Yes, one of my real hates is the rubbish people carelessly discard in Greece. It is all too common to see items thrown from car & truck windows and as you say some very beautiful countryside is spoilt by litter.
On top of that there is the "fly tipping" of rubble etc. I guess the only way to address this is in school at an early age. However I also recall the major push we had in the UK in the 70's when garages gave bags to car drivers for rubbish etc.
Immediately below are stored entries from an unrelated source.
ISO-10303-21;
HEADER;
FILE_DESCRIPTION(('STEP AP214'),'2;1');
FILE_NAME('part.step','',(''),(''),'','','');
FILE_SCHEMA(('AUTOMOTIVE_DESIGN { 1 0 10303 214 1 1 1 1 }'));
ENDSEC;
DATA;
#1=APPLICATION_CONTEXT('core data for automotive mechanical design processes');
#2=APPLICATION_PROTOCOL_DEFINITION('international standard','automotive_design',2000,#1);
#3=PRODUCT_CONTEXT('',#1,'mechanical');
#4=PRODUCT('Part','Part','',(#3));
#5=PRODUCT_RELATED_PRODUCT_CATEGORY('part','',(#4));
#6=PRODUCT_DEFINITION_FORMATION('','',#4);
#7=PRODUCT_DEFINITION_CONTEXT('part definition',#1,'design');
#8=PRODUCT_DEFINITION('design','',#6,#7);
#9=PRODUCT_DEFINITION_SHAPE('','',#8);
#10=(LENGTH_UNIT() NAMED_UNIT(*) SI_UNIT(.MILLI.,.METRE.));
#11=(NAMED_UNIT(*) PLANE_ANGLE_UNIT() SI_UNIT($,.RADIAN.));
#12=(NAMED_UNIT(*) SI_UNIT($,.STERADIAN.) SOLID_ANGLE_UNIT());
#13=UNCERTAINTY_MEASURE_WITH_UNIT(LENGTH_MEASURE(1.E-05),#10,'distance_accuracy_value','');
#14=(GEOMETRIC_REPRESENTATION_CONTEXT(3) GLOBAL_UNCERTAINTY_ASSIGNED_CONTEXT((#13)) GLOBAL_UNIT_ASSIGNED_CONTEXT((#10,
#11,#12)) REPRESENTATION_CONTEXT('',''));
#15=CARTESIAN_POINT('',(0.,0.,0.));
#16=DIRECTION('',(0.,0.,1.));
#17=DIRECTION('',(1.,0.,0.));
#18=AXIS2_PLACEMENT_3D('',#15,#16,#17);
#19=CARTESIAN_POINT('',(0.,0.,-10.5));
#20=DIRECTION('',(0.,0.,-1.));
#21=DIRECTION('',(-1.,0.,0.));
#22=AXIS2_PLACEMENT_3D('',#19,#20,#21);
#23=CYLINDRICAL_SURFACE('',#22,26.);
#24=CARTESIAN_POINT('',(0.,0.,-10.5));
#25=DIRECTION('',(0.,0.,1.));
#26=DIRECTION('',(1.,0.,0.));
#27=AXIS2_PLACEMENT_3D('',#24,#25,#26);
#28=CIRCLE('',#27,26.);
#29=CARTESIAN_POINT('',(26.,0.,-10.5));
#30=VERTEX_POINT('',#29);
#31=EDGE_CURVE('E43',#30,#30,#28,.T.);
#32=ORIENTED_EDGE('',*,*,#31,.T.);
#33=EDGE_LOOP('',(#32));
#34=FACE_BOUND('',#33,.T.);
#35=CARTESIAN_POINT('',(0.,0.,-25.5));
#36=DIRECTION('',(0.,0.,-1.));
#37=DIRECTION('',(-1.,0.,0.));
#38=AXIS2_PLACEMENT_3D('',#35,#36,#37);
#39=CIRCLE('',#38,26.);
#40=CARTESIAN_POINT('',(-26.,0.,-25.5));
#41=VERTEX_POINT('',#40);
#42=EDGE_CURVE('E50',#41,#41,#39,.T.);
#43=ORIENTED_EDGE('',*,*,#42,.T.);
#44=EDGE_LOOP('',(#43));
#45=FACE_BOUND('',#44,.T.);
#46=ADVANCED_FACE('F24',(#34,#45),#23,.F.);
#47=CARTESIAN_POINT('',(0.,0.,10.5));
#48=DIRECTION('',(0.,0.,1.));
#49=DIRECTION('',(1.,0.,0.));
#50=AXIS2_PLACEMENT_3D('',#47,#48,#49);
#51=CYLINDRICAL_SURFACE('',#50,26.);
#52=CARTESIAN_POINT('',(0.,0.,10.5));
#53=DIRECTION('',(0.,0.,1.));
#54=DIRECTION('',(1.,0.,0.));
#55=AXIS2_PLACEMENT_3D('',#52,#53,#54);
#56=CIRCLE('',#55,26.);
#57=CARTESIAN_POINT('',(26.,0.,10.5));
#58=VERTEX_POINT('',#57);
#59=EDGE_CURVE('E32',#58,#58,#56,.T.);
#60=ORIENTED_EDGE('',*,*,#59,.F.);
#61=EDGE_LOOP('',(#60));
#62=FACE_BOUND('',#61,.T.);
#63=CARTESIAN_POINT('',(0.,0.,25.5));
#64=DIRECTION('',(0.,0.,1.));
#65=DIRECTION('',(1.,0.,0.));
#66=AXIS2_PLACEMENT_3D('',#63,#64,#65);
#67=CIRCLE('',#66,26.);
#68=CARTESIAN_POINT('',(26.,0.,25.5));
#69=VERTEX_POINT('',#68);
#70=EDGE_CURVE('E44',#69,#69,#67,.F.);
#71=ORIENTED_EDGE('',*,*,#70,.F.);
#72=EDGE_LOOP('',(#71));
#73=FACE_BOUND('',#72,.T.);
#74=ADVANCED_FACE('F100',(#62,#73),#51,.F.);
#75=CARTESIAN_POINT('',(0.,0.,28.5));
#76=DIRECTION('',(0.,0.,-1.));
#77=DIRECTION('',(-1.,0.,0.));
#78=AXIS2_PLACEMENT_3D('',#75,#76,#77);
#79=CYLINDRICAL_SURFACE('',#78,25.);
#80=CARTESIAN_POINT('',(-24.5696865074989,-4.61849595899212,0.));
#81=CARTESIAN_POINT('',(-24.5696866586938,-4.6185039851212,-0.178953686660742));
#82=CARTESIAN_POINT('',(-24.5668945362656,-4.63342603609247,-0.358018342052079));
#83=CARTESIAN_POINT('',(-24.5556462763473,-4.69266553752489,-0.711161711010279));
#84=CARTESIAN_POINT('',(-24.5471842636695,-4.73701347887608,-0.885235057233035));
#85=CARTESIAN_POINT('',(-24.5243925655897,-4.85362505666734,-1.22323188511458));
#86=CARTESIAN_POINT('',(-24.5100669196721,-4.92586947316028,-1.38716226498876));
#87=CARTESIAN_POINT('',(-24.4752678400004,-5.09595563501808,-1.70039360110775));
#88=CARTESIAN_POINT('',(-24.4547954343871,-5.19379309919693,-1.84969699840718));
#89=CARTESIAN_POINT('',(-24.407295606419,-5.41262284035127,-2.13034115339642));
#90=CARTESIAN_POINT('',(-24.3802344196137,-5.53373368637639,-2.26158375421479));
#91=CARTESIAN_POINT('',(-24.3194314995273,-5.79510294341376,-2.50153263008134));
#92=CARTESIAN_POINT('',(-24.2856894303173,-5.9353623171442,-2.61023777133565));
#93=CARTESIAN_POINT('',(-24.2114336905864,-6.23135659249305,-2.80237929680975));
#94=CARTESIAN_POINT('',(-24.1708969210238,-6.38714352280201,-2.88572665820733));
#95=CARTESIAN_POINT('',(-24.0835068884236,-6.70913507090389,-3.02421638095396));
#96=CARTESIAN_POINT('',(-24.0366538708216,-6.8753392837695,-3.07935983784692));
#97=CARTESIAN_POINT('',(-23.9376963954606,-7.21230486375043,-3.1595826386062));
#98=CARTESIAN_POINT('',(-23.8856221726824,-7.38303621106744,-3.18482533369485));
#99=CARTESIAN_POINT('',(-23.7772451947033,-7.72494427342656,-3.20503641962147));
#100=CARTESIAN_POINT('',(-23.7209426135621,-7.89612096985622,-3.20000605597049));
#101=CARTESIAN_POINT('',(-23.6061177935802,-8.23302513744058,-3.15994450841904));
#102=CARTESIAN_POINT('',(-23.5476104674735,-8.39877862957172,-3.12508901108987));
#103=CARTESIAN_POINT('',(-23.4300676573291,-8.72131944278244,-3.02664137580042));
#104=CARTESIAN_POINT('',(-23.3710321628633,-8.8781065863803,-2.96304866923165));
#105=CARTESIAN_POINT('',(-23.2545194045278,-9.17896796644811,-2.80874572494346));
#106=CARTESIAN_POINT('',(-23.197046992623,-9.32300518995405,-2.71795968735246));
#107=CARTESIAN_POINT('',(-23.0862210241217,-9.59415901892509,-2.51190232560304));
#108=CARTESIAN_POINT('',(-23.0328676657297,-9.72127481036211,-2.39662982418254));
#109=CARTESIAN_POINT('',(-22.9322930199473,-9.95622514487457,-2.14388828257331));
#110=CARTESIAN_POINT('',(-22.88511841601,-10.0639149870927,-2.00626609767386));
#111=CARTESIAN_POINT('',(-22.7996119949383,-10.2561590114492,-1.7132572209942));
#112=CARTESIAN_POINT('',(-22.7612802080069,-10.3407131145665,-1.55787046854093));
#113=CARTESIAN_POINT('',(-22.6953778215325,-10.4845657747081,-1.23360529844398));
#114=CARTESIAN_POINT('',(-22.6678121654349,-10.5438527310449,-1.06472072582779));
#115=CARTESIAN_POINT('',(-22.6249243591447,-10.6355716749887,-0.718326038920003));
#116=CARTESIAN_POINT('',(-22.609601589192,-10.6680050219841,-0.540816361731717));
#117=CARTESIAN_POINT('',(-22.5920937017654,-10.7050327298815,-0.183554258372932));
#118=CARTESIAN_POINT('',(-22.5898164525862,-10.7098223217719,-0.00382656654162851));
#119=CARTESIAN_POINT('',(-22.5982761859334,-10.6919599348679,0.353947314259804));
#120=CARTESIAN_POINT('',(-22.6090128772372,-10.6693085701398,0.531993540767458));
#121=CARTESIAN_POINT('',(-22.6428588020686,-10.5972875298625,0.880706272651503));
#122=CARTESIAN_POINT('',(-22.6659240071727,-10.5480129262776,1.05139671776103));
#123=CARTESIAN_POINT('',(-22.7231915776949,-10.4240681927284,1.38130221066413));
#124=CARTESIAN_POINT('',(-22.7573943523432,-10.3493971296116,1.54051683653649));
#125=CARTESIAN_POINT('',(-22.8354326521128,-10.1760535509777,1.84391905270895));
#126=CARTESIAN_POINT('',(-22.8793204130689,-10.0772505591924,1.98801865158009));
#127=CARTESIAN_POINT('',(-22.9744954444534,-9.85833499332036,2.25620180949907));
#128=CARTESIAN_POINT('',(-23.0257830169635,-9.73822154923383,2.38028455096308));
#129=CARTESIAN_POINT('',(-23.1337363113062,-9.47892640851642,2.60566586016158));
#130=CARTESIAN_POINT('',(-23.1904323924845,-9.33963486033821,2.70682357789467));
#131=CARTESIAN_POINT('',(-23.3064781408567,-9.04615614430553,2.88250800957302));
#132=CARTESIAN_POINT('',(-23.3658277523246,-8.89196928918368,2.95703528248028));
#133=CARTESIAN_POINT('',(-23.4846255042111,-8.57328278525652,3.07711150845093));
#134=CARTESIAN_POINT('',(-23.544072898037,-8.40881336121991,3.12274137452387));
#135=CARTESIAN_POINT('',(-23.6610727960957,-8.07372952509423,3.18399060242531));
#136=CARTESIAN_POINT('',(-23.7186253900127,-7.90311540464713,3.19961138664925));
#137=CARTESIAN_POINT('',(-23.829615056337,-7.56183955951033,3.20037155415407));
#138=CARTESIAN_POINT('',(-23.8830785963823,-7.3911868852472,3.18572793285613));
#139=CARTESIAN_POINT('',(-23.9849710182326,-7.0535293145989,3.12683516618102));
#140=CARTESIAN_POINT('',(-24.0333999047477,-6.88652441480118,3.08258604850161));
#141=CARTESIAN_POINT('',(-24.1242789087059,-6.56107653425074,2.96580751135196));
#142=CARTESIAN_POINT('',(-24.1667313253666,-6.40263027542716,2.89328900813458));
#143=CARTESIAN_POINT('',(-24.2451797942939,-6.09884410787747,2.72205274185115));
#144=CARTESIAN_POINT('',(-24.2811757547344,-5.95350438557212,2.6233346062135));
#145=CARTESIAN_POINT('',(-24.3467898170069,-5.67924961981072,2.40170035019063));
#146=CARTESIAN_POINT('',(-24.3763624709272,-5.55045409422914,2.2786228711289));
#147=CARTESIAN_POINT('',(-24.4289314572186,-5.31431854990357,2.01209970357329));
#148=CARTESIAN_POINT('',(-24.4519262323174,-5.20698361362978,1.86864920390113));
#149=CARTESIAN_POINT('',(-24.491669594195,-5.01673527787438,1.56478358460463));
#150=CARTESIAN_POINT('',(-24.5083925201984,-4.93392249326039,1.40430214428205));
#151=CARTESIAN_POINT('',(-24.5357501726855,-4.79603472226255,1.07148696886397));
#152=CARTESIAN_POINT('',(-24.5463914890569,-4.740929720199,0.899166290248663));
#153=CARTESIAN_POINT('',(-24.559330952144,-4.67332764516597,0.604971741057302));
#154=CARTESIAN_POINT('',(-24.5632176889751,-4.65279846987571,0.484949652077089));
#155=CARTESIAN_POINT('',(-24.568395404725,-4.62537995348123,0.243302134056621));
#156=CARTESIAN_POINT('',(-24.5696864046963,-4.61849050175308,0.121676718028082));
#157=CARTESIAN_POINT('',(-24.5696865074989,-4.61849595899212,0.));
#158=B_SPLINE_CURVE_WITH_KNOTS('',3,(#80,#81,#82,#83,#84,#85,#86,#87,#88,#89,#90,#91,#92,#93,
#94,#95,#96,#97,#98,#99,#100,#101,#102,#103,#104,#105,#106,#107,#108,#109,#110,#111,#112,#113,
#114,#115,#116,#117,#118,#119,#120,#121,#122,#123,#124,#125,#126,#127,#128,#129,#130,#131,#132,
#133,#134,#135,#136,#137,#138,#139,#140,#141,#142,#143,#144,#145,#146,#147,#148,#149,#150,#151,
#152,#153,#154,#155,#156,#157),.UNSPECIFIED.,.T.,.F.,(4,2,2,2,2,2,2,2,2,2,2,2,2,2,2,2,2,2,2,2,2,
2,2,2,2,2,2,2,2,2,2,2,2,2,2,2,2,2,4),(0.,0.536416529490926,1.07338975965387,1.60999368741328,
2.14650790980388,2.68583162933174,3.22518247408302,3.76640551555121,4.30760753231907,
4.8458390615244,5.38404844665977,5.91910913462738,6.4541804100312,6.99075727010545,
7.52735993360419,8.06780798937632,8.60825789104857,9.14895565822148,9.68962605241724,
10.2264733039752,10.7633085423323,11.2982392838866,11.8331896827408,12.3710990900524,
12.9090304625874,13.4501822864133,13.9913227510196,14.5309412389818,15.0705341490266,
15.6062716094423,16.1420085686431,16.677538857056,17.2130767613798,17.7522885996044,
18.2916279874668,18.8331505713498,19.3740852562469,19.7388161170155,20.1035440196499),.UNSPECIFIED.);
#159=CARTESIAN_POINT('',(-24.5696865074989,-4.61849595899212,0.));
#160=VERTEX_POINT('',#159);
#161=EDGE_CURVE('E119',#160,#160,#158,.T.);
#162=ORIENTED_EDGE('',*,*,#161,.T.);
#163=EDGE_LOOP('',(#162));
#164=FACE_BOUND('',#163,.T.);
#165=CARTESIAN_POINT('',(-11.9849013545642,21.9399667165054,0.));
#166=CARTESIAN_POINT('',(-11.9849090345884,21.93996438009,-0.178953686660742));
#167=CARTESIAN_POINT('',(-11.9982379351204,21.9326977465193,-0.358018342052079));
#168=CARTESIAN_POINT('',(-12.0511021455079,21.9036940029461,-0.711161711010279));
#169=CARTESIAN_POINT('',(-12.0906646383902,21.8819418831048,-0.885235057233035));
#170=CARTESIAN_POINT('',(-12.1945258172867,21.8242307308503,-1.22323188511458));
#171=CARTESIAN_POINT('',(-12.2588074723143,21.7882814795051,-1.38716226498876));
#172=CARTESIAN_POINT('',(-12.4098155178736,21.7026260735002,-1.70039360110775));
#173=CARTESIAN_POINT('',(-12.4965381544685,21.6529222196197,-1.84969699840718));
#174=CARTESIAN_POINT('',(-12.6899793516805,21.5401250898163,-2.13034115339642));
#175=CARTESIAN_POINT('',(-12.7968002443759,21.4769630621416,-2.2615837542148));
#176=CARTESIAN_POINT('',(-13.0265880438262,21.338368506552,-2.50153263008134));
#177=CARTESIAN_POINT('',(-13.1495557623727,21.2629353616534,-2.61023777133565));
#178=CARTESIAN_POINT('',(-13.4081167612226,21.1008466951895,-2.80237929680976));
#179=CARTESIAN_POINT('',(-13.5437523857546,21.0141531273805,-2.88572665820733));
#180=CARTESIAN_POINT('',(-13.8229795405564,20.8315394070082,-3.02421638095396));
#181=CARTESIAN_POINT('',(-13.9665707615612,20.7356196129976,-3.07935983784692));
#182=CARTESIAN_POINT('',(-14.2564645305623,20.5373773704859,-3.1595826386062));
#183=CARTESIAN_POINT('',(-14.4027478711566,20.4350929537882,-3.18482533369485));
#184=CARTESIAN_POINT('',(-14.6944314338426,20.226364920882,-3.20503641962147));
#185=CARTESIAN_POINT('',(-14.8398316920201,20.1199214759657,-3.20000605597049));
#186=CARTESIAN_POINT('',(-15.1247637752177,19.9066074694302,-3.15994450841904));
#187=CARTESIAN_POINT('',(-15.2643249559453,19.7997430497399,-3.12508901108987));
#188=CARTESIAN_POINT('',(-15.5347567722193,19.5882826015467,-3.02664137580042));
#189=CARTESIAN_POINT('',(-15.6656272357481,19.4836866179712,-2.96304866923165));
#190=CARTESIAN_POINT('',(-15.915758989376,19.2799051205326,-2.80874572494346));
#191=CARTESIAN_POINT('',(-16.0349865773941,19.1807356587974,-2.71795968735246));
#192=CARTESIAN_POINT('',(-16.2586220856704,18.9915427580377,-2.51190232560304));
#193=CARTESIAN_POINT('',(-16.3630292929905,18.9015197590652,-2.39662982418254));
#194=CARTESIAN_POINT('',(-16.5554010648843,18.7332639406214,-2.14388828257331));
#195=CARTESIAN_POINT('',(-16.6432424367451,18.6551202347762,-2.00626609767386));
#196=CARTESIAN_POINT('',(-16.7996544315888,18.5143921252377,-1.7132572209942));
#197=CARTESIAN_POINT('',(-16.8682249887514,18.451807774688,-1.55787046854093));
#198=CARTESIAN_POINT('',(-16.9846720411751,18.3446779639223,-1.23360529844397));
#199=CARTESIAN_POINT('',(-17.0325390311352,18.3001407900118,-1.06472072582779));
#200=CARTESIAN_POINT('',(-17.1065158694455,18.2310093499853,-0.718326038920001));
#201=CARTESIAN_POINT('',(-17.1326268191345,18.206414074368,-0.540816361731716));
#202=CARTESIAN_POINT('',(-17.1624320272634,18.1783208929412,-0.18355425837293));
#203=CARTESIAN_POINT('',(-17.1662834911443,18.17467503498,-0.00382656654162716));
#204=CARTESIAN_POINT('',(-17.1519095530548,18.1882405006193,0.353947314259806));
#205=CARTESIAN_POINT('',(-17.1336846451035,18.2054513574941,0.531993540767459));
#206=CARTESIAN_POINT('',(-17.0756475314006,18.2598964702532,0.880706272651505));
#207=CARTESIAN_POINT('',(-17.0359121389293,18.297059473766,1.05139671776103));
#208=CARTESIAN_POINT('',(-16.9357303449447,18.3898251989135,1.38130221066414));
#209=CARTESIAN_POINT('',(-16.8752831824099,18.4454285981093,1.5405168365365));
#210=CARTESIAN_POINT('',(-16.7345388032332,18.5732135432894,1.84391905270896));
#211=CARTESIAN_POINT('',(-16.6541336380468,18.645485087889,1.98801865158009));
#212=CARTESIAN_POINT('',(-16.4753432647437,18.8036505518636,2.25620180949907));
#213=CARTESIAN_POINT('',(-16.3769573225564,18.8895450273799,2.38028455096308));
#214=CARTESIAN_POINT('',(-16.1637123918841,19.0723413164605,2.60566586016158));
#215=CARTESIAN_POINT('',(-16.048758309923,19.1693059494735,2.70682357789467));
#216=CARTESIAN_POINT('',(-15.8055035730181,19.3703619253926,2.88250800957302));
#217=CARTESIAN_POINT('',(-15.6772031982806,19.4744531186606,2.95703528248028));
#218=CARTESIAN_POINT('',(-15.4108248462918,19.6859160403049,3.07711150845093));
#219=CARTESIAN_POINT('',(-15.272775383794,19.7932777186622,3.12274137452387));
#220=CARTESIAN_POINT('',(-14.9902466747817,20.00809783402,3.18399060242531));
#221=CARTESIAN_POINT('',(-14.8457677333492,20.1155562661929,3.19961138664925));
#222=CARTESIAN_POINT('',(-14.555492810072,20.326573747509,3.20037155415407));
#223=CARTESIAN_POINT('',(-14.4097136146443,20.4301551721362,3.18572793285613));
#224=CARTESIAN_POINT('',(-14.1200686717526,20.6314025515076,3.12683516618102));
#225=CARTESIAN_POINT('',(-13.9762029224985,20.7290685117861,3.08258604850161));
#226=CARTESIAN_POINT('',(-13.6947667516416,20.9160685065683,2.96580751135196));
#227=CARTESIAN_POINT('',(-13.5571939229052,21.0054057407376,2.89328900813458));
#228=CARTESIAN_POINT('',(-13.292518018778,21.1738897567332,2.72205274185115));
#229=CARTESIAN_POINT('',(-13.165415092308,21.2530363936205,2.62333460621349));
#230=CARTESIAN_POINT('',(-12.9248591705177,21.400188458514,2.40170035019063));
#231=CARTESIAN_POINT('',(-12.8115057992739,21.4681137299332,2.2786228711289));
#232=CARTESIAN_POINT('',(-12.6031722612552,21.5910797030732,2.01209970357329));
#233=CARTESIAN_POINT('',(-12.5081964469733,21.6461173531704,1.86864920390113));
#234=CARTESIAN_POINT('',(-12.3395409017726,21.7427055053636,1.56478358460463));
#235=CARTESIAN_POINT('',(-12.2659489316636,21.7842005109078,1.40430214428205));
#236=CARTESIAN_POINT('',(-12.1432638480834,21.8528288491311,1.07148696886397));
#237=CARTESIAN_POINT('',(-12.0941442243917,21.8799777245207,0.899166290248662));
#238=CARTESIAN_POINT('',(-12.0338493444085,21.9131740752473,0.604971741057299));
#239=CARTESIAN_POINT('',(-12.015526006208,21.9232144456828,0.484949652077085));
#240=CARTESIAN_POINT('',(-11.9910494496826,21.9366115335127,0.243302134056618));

As for the church doing something, I would not hold out much hope......but I do like your idea of putting some responsibility on the parish priest for upkeep....


----------



## wka (Sep 18, 2009)

I've only been living in Greece a few years but I can't honestly say I've seen people actively littering. What I have seen is people throwing away lightweight items and they get blown right out of the bins. My husband (who is Greek) is one of those people who walks around the countryside picking up trash and items for recycling, so we can't paint everyone with the same brush (I, the American, approve of him doing this but I don't really do much to help, if I'm 100% honest).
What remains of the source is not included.